## TASK OBJECTIVE:
Collect every line below that contains the word "SpaceList".

LISTED ENTRIES START

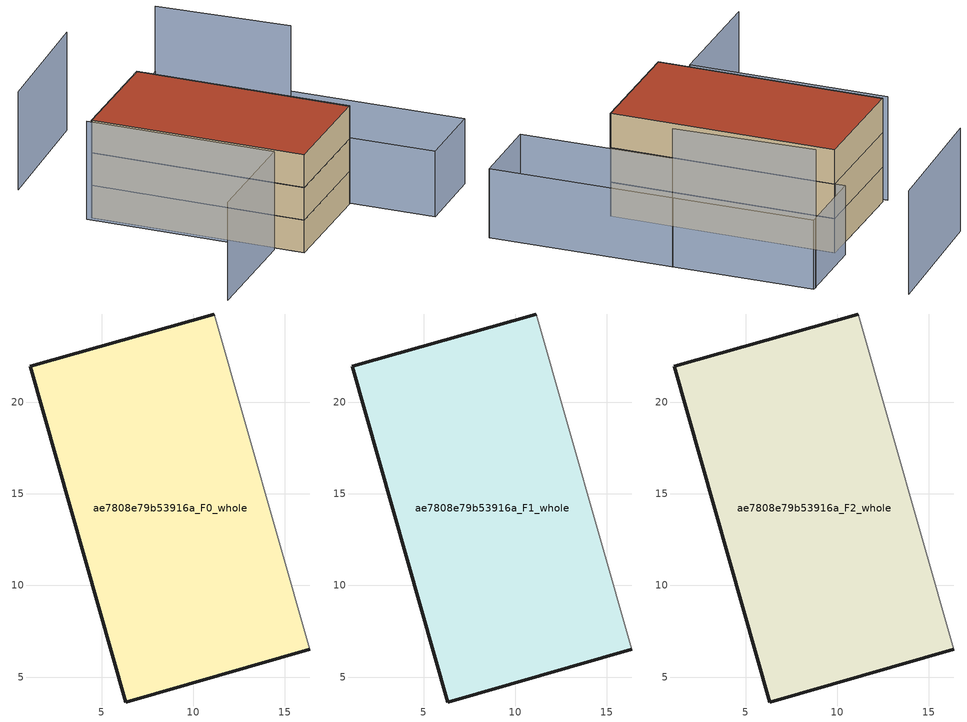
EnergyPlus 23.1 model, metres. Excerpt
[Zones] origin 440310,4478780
ae7808e79b53916a_F0_whole
 floor ground (EU_floor_Construction): 16.38,6.5 11.15,24.83 1.1,21.96 6.33,3.63 z0
 wall outside (EU_wall_Construction): 16.38,6.5 6.33,3.63 1.1,21.96 11.15,24.83 z0:3
 wall adiabatic (EU_wall_Construction): 11.15,24.83 16.38,6.5 z0:3
ae7808e79b53916a_F1_whole
 floor to ae7808e79b53916a_F0_whole (EU_floor_Construction): 16.38,6.5 11.15,24.83 1.1,21.96 6.33,3.63 z3
 wall outside (EU_wall_Construction): 16.38,6.5 6.33,3.63 1.1,21.96 11.15,24.83 z3:6
 wall adiabatic (EU_wall_Construction): 11.15,24.83 16.38,6.5 z3:6
ae7808e79b53916a_F2_whole
 floor to ae7808e79b53916a_F1_whole (EU_floor_Construction): 16.38,6.5 11.15,24.83 1.1,21.96 6.33,3.63 z6
 wall outside (EU_wall_Construction): 16.38,6.5 6.33,3.63 1.1,21.96 11.15,24.83 z6:9
 wall adiabatic (EU_wall_Construction): 11.15,24.83 16.38,6.5 z6:9
 roof outside (EU_roof_Construction): 11.15,24.83 16.38,6.5 6.33,3.63 1.1,21.96 z9
shading: 0.68,22.1 5.32,5.98 / 5.32,5.98 -4.98,3.02 / 13.75,34.17 1.88,30.21 z0:9; 17.53,27.61 25.35,1.28 / 25.35,1.28 18.68,-0.7 / 18.68,-0.7 10.87,25.63 / 10.87,25.63 17.53,27.61 z0:6; 20.93,16.17 17.21,27.53 z0:12
[Building]
EU S2 Campaign: North Axis=0; Terrain=City; Solar Distribution=FullExterior
[Site:Location]
Madrid: Latitude=40.5; Longitude=-3.5; Time Zone=1; Elevation=609
[SizingPeriod:WeatherFileDays]
AnnualSizingPeriod: Begin Month=1; Begin Day of Month=1; End Month=12; End Day of Month=31; Day of Week for Start Day=Monday; Use Weather File Daylight Saving Period=No; Use Weather File Rain and Snow Indicators=No
[MATERIAL]
EU_InternalMass_Material: Roughness=MediumRough; Thickness=0.1; Conductivity=1; Density=1800; Specific Heat=900; Thermal Absorptance=0.9; Solar Absorptance=0.7; Visible Absorptance=0.7
[MATERIAL:NOMASS] Roughness=MediumRough; Thermal Absorptance=0.9; Solar Absorptance=0.7; Visible Absorptance=0.7
Name | Thermal Resistance
EU_wall_NoMass | 0.609216
EU_roof_NoMass | 0.513268
EU_floor_NoMass | 0.568163
[CONSTRUCTION]
EU_wall_Construction: EU_wall_NoMass
EU_roof_Construction: EU_roof_NoMass
EU_floor_Construction: EU_floor_NoMass
EU_InternalMass_Construction: EU_InternalMass_Material
[ZONE] Type=1; Multiplier=1; Ceiling Height=autocalculate; Volume=597.14; Floor Area=autocalculate; Part of Total Floor Area=Yes
ae7808e79b53916a_F0_whole; ae7808e79b53916a_F1_whole; ae7808e79b53916a_F2_whole
[INTERNALMASS] Construction=EU_InternalMass_Construction; Surface Area=199.047
Name | Zone or ZoneList
ae7808e79b53916a_F0_whole_EU_InternalMass | ae7808e79b53916a_F0_whole
ae7808e79b53916a_F1_whole_EU_InternalMass | ae7808e79b53916a_F1_whole
ae7808e79b53916a_F2_whole_EU_InternalMass | ae7808e79b53916a_F2_whole
[OTHEREQUIPMENT] Fuel Type=Electricity; Design Level Calculation Method=Watts/Area; Power per Zone Floor Area=1; Fraction Latent=0; Fraction Radiant=0; Fraction Lost=0; Carbon Dioxide Generation Rate=0; EndUse Subcategory=EU_Step8_InternalGains
Name | Zone or ZoneList or Space or SpaceList | Schedule
EU_Step8_InternalGain_ae7808e79b53916a_F0_whole_f000 | ae7808e79b53916a_F0_whole | EU_Step8_GainSchedule_ae7808e79b53916a_F0_whole_f000
EU_Step8_InternalGain_ae7808e79b53916a_F1_whole_f000 | ae7808e79b53916a_F1_whole | EU_Step8_GainSchedule_ae7808e79b53916a_F1_whole_f000
EU_Step8_InternalGain_ae7808e79b53916a_F2_whole_f000 | ae7808e79b53916a_F2_whole | EU_Step8_GainSchedule_ae7808e79b53916a_F2_whole_f000
[ZONEVENTILATION:DESIGNFLOWRATE] Schedule=EU_AlwaysOn; Design Flow Rate Calculation Method=AirChanges/Hour; Air Changes per Hour=0.752966; Ventilation Type=Natural; Fan Pressure Rise=0; Fan Total Efficiency=1; Constant Term Coefficient=1; Temperature Term Coefficient=0; Velocity Term Coefficient=0; Velocity Squared Term Coefficient=0; Minimum Indoor Temperature=-100; Maximum Indoor Temperature=100; Delta Temperature=-100; Minimum Outdoor Temperature=-100; Maximum Outdoor Temperature=100; Maximum Wind Speed=40
Name | Zone or ZoneList or Space or SpaceList
EU_ConstantAir_ae7808e79b53916a_F0_whole | ae7808e79b53916a_F0_whole
EU_ConstantAir_ae7808e79b53916a_F1_whole | ae7808e79b53916a_F1_whole
EU_ConstantAir_ae7808e79b53916a_F2_whole | ae7808e79b53916a_F2_whole
[HVACTEMPLATE:THERMOSTAT] Constant Heating Setpoint=20; Constant Cooling Setpoint=50
EU_HeatOnly_ae7808e79b53916a_F0_whole; EU_HeatOnly_ae7808e79b53916a_F1_whole; EU_HeatOnly_ae7808e79b53916a_F2_whole
[HVACTEMPLATE:ZONE:IDEALLOADSAIRSYSTEM] System Availability Schedule=EU_AlwaysOn; Maximum Heating Supply Air Temperature=50; Minimum Cooling Supply Air Temperature=13; Maximum Heating Supply Air Humidity Ratio=0.0156; Minimum Cooling Supply Air Humidity Ratio=0.0077; Heating Limit=NoLimit; Cooling Limit=NoLimit; Heating Availability Schedule=EU_AlwaysOn; Cooling Availability Schedule=EU_CoolingOff; Dehumidification Control Type=ConstantSensibleHeatRatio; Cooling Sensible Heat Ratio=0.7; Dehumidification Setpoint=60; Humidification Control Type=None; Humidification Setpoint=30; Outdoor Air Method=None; Outdoor Air Flow Rate per Person=0.00944; Outdoor Air Flow Rate per Zone Floor Area=0; Outdoor Air Flow Rate per Zone=0; Demand Controlled Ventilation Type=None; Outdoor Air Economizer Type=NoEconomizer; Heat Recovery Type=None; Sensible Heat Recovery Effectiveness=0.7; Latent Heat Recovery Effectiveness=0.65
Name | Template Thermostat
ae7808e79b53916a_F0_whole | EU_HeatOnly_ae7808e79b53916a_F0_whole
ae7808e79b53916a_F1_whole | EU_HeatOnly_ae7808e79b53916a_F1_whole
ae7808e79b53916a_F2_whole | EU_HeatOnly_ae7808e79b53916a_F2_whole
[SIZING:ZONE] Zone Cooling Design Supply Air Temperature Input Method=SupplyAirTemperature; Zone Cooling Design Supply Air Temperature=13; Zone Heating Design Supply Air Temperature Input Method=SupplyAirTemperature; Zone Heating Design Supply Air Temperature=50; Zone Cooling Design Supply Air Humidity Ratio=0.008; Zone Heating Design Supply Air Humidity Ratio=0.008; Cooling Design Air Flow Method=DesignDay; Cooling Design Air Flow Rate=0; Cooling Minimum Air Flow per Zone Floor Area=0.000762; Cooling Minimum Air Flow=0; Cooling Minimum Air Flow Fraction=0.2; Heating Design Air Flow Method=DesignDay; Heating Design Air Flow Rate=0; Heating Maximum Air Flow per Zone Floor Area=0.002032; Heating Maximum Air Flow=0.141576; Heating Maximum Air Flow Fraction=0.3; Account for Dedicated Outdoor Air System=No; Dedicated Outdoor Air System Control Strategy=NeutralSupplyAir; Dedicated Outdoor Air Low Setpoint Temperature for Design=autosize; Dedicated Outdoor Air High Setpoint Temperature for Design=autosize; Zone Load Sizing Method=Sensible Load Only No Latent Load; Zone Latent Cooling Design Supply Air Humidity Ratio Input Method=HumidityRatioDifference; Zone Cooling Design Supply Air Humidity Ratio Difference=0.005; Zone Latent Heating Design Supply Air Humidity Ratio Input Method=HumidityRatioDifference; Zone Humidification Design Supply Air Humidity Ratio Difference=0.005
ae7808e79b53916a_F0_whole; ae7808e79b53916a_F1_whole; ae7808e79b53916a_F2_whole
[SCHEDULE:CONSTANT]
Name | Hourly Value
EU_AlwaysOn | 1
EU_CoolingOff | 0
[SCHEDULE:FILE] Column Number=1; Rows to Skip at Top=0; Number of Hours of Data=8760; Column Separator=Comma; Interpolate to Timestep=No; Minutes per Item=60; Adjust Schedule for Daylight Savings=Yes
Name | File
EU_Step8_GainSchedule_ae7808e79b53916a_F0_whole_f000 | ../../schedules/ae7808e79b53916a/ae7808e79b53916a_F0_whole_f000_gain.csv
EU_Step8_GainSchedule_ae7808e79b53916a_F1_whole_f000 | ../../schedules/ae7808e79b53916a/ae7808e79b53916a_F1_whole_f000_gain.csv
EU_Step8_GainSchedule_ae7808e79b53916a_F2_whole_f000 | ../../schedules/ae7808e79b53916a/ae7808e79b53916a_F2_whole_f000_gain.csv

LISTED ENTRIES END

## EXERCISE OUTPUT:
Name | Zone or ZoneList or Space or SpaceList | Schedule
Name | Zone or ZoneList or Space or SpaceList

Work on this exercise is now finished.